Yes, we can. We have a right to ask it because it is ultimately a sacrifice that we all must make. As much as our happiness on a daily basis may derive from a sense of fulfilling a purpose that will simply go on forever, we do not in fact last forever, as our individual selves. We are mortal. We may endow a "dynasty trust" on the theory that our personal self will continue by proxy through countless generations of descendants; yet eventually we have to face the fact that -- as my biologist sister always reminds me -- by the time seven or eight generations have passed, these descendants will share so little genetic material with you as the original testator that they might as well be strangers, at least at the level of DNA. Likewise, we might like the idea of piling up "charitable" money to exist under our name for all eternity, but we have to remember that we will not be the ones who will be around to gaze upon it admiringly. We won't even know if the pile is there.

In short, we have all got to figure out how to find meaning in living for the good of strangers, because at some point, strangers are all that's left. What exists far beyond our mortal span is not ourselves; it is the life of other people. We are one part of a larger planetary project, and our part will not last forever.

This is the final justification for giving up one's wealth in taxes -- and in genuinely philanthropic endeavors in which money is actually spent --  the justification for seeing those vast fortunes gradually dissipate, across generations, like so many motes of gold dust upon the Sierra Madre winds.
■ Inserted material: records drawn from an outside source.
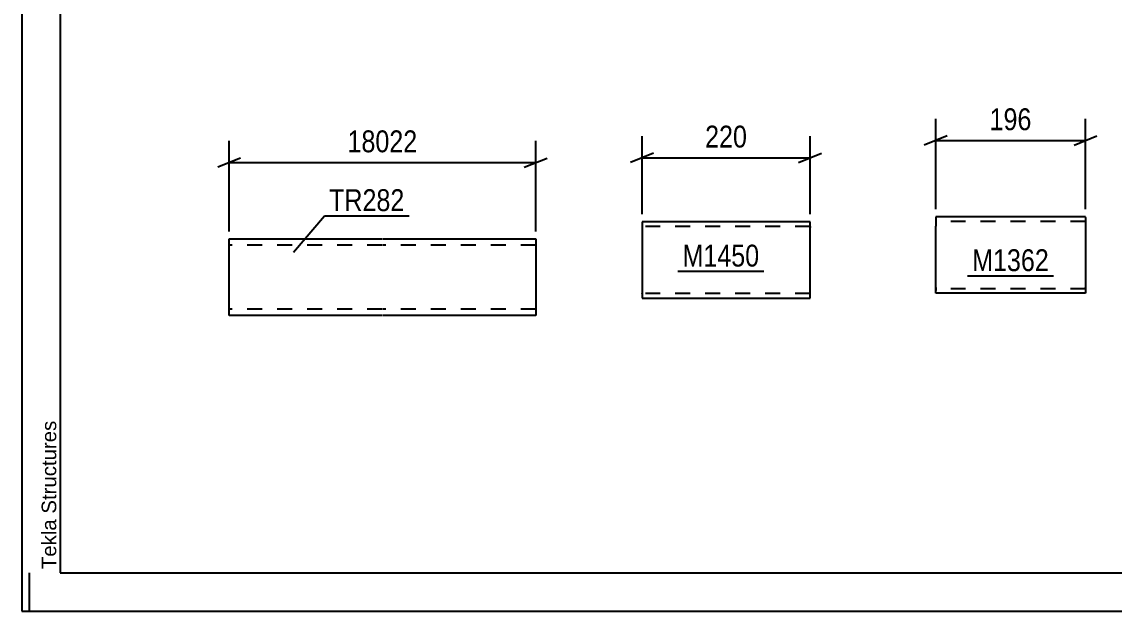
# Model space of a CAD drawing. Header units: millimetres. Extents: x 0 to 841, y 0 to 594.
# Drawn here: x 0 to 142.9, y 0 to 77.1 of the extents above; entities that cross this region are included whole.
import ezdxf

# ---------------------------------------------------------------- set-up
doc = ezdxf.new("R2010")
doc.units = ezdxf.units.MM
doc.linetypes.add('DXK_LINE_DOT2', pattern=[3.9198, 1.9599, -1.9599])
doc.styles.add('Arial', font='ARIAL.TTF', dxfattribs={"height": 0.2})
doc.styles.add('Arial Narrow', font='ARIALN.TTF', dxfattribs={"height": 0.2})

# ---------------------------------------------------------------- blocks, each defined once
blk = doc.blocks.new('Unknown-318933943-1135')
at = {"color": 5, "linetype": 'Continuous'}
for p, q in [((0, 594), (0, 0)), ((5, 589), (5, 5)), ((1, 0), (1, 5)), ((5, 5), (836, 5)), ((0, 0), (841, 0))]:
    blk.add_line(p, q, dxfattribs=at)
at = {"color": 174, "linetype": 'Continuous', "style": 'Arial'}
blk.add_text('Tekla Structures', height=1.9102, rotation=90, dxfattribs=at).set_placement((4.5, 5.5))
blk = doc.blocks.new('Part-318933943-30152 - 30151')
at = {"color": 2, "linetype": 'Continuous'}
for p, q in [((119.57, 51.61), (119.57, 50.41)), ((139.17, 51.61), (119.57, 51.61)), ((139.17, 51.52), (139.17, 51.61)), ((139.17, 51.52), (139.17, 50.41)), ((119.57, 42.35), (119.57, 50.41)), ((139.17, 50.41), (139.17, 41.61)), ((119.57, 41.7), (119.57, 42.35)), ((119.57, 41.61), (119.57, 41.7)), ((139.17, 41.61), (119.57, 41.61))]:
    blk.add_line(p, q, dxfattribs=at)
at = {"color": 7, "linetype": 'DXK_LINE_DOT2'}
for p, q in [((139.17, 51.01), (119.57, 51.01)), ((139.17, 51.26), (139.17, 50.41)), ((119.57, 42.35), (119.57, 41.96)), ((119.57, 42.21), (119.57, 42.26)), ((139.17, 42.21), (119.57, 42.21)), ((119.57, 41.61), (119.57, 41.61)), ((139.17, 42.26), (139.17, 42.35)), ((139.17, 42.21), (139.17, 42.26)), ((139.17, 42.21), (139.17, 42.26))]:
    blk.add_line(p, q, dxfattribs=at)
blk = doc.blocks.new('Part-318933943-30026 - 30025')
at = {"color": 2, "linetype": 'Continuous'}
for p, q in [((27.13, 40.32), (27.13, 48.72)), ((27.13, 48.72), (47.13, 48.72)), ((47.23, 48.72), (67.23, 48.72)), ((67.23, 48.72), (67.23, 47.12)), ((67.23, 47.12), (67.23, 38.72)), ((27.13, 39.19), (27.13, 40.32)), ((27.13, 38.72), (27.13, 39.19)), ((47.13, 38.72), (27.13, 38.72)), ((67.23, 38.72), (47.23, 38.72))]:
    blk.add_line(p, q, dxfattribs=at)
at = {"color": 7, "linetype": 'DXK_LINE_DOT2'}
for p, q in [((47.13, 47.92), (27.13, 47.92)), ((67.23, 47.92), (47.23, 47.92)), ((27.13, 39.58), (27.13, 40.32)), ((27.13, 39.52), (27.13, 39.58)), ((27.13, 39.52), (27.13, 39.58)), ((27.13, 39.19), (27.13, 39.58)), ((47.13, 39.52), (27.13, 39.52)), ((67.23, 39.52), (47.23, 39.52)), ((67.23, 39.52), (67.23, 39.58))]:
    blk.add_line(p, q, dxfattribs=at)
blk = doc.blocks.new('Part-318933943-30178 - 30177')
at = {"color": 2, "linetype": 'Continuous'}
for p, q in [((103.14, 50.97), (81.15, 50.97)), ((81.15, 50.97), (81.15, 41.06)), ((103.14, 42.17), (103.14, 50.97)), ((103.14, 40.97), (103.14, 42.17)), ((81.15, 41.06), (81.15, 40.97)), ((81.15, 40.97), (103.14, 40.97))]:
    blk.add_line(p, q, dxfattribs=at)
at = {"color": 7, "linetype": 'DXK_LINE_DOT2'}
for p, q in [((103.14, 50.37), (81.15, 50.37)), ((103.14, 50.37), (103.14, 50.33)), ((103.14, 50.33), (103.14, 50.37)), ((103.14, 50.23), (103.14, 50.33)), ((103.14, 50.33), (103.14, 50.23)), ((81.15, 41.57), (81.15, 41.62)), ((103.14, 41.57), (81.15, 41.57)), ((103.14, 41.62), (103.14, 41.94)), ((103.14, 41.57), (103.14, 41.62))]:
    blk.add_line(p, q, dxfattribs=at)
blk = doc.blocks.new('StraightDimension-318933943-30367 - 30151')
at = {"color": 7, "linetype": 'Continuous'}
for p, q in [((119.57, 52.61), (119.57, 64.46)), ((139.17, 52.61), (139.17, 64.46)), ((121.07, 62.21), (118.07, 61.01)), ((119.57, 61.61), (139.17, 61.61)), ((137.67, 61.01), (140.67, 62.21))]:
    blk.add_line(p, q, dxfattribs=at)
at = {"color": 0}
blk.add_wipeout([(132.71, 62.36), (132.71, 66.56), (126.02, 66.56), (126.02, 62.36)], dxfattribs=at)
at = {"color": 3, "style": 'Arial Narrow'}
blk.add_text('196', height=2.863, dxfattribs=at).set_placement((126.62, 62.96))
blk = doc.blocks.new('StraightDimension-318933943-30231 - 30025')
at = {"color": 7, "linetype": 'Continuous'}
for p, q in [((27.13, 49.72), (27.13, 61.57)), ((67.23, 49.72), (67.23, 61.57)), ((28.63, 59.32), (25.63, 58.12)), ((27.13, 58.72), (67.23, 58.72)), ((65.73, 58.12), (68.73, 59.32))]:
    blk.add_line(p, q, dxfattribs=at)
at = {"color": 0}
blk.add_wipeout([(52.35, 59.47), (52.35, 63.67), (42.01, 63.67), (42.01, 59.47)], dxfattribs=at)
at = {"color": 3, "style": 'Arial Narrow'}
blk.add_text('18022', height=2.863, dxfattribs=at).set_placement((42.61, 60.07))
blk = doc.blocks.new('StraightDimension-318933943-30407 - 30177')
at = {"color": 7, "linetype": 'Continuous'}
for p, q in [((81.15, 51.97), (81.15, 62.19)), ((103.14, 51.97), (103.14, 62.19)), ((82.65, 59.94), (79.65, 58.74)), ((81.15, 59.34), (103.14, 59.34)), ((101.64, 58.74), (104.64, 59.94))]:
    blk.add_line(p, q, dxfattribs=at)
at = {"color": 0}
blk.add_wipeout([(95.49, 60.09), (95.49, 64.29), (88.8, 64.29), (88.8, 60.09)], dxfattribs=at)
at = {"color": 3, "style": 'Arial Narrow'}
blk.add_text('220', height=2.863, dxfattribs=at).set_placement((89.4, 60.69))
blk = doc.blocks.new('Mark-318933943-30447 - 30151')
at = {"color": 0}
blk.add_wipeout([(134.39, 44.51), (134.39, 47.51), (124.34, 47.51), (124.34, 44.51)], dxfattribs=at)
blk.add_wipeout([(134.39, 44.51), (134.39, 47.51), (124.34, 47.51), (124.34, 44.51)], dxfattribs=at)
at = {"color": 30, "linetype": 'Continuous'}
blk.add_line((123.74, 43.91), (134.99, 43.91), dxfattribs=at)
at = {"color": 3, "style": 'Arial Narrow'}
blk.add_text('M1362', height=2.863, dxfattribs=at).set_placement((124.34, 44.51))
blk = doc.blocks.new('Mark-318933943-30416 - 30025')
at = {"color": 0}
blk.add_wipeout([(50.06, 52.37), (50.06, 55.37), (40.2, 55.37), (40.2, 52.37)], dxfattribs=at)
blk.add_wipeout([(50.06, 52.37), (50.06, 55.37), (40.2, 55.37), (40.2, 52.37)], dxfattribs=at)
at = {"color": 30, "linetype": 'Continuous'}
for p, q in [((35.54, 47.01), (39.6, 51.77)), ((39.6, 51.77), (50.66, 51.77))]:
    blk.add_line(p, q, dxfattribs=at)
at = {"color": 3, "style": 'Arial Narrow'}
blk.add_text('TR282', height=2.863, dxfattribs=at).set_placement((40.2, 52.37))
blk = doc.blocks.new('Mark-318933943-30455 - 30177')
at = {"color": 0}
blk.add_wipeout([(96.5, 45.11), (96.5, 48.11), (86.44, 48.11), (86.44, 45.11)], dxfattribs=at)
blk.add_wipeout([(96.5, 45.11), (96.5, 48.11), (86.44, 48.11), (86.44, 45.11)], dxfattribs=at)
at = {"color": 30, "linetype": 'Continuous'}
blk.add_line((85.84, 44.51), (97.1, 44.51), dxfattribs=at)
at = {"color": 3, "style": 'Arial Narrow'}
blk.add_text('M1450', height=2.863, dxfattribs=at).set_placement((86.44, 45.11))

msp = doc.modelspace()

# ---------------------------------------------------------------- block references
for name in ['Unknown-318933943-1135', 'Part-318933943-30152 - 30151', 'Part-318933943-30178 - 30177', 'Part-318933943-30026 - 30025']:
    msp.add_blockref(name, (0, 0))

# ---------------------------------------------------------------- next in the draw order: block references
for name in ['StraightDimension-318933943-30367 - 30151', 'StraightDimension-318933943-30231 - 30025', 'StraightDimension-318933943-30407 - 30177', 'Mark-318933943-30455 - 30177', 'Mark-318933943-30447 - 30151']:
    msp.add_blockref(name, (0, 0))

# ---------------------------------------------------------------- next in the draw order: block references
msp.add_blockref('Mark-318933943-30416 - 30025', (0, 0))

doc.saveas('drawing.dxf')

This is the reason why it ultimately does make sense to spend down one's principal on the "idle claims of humanity." Because humanity is all that there is. Humanity is all that lasts. I will eventually go "the way of all flesh." But the species -- if we can do a better job than we have hitherto of figuring out how to live together for collective purposes, and to find meaning in aiding one another -- might just have a shot at perpetuity.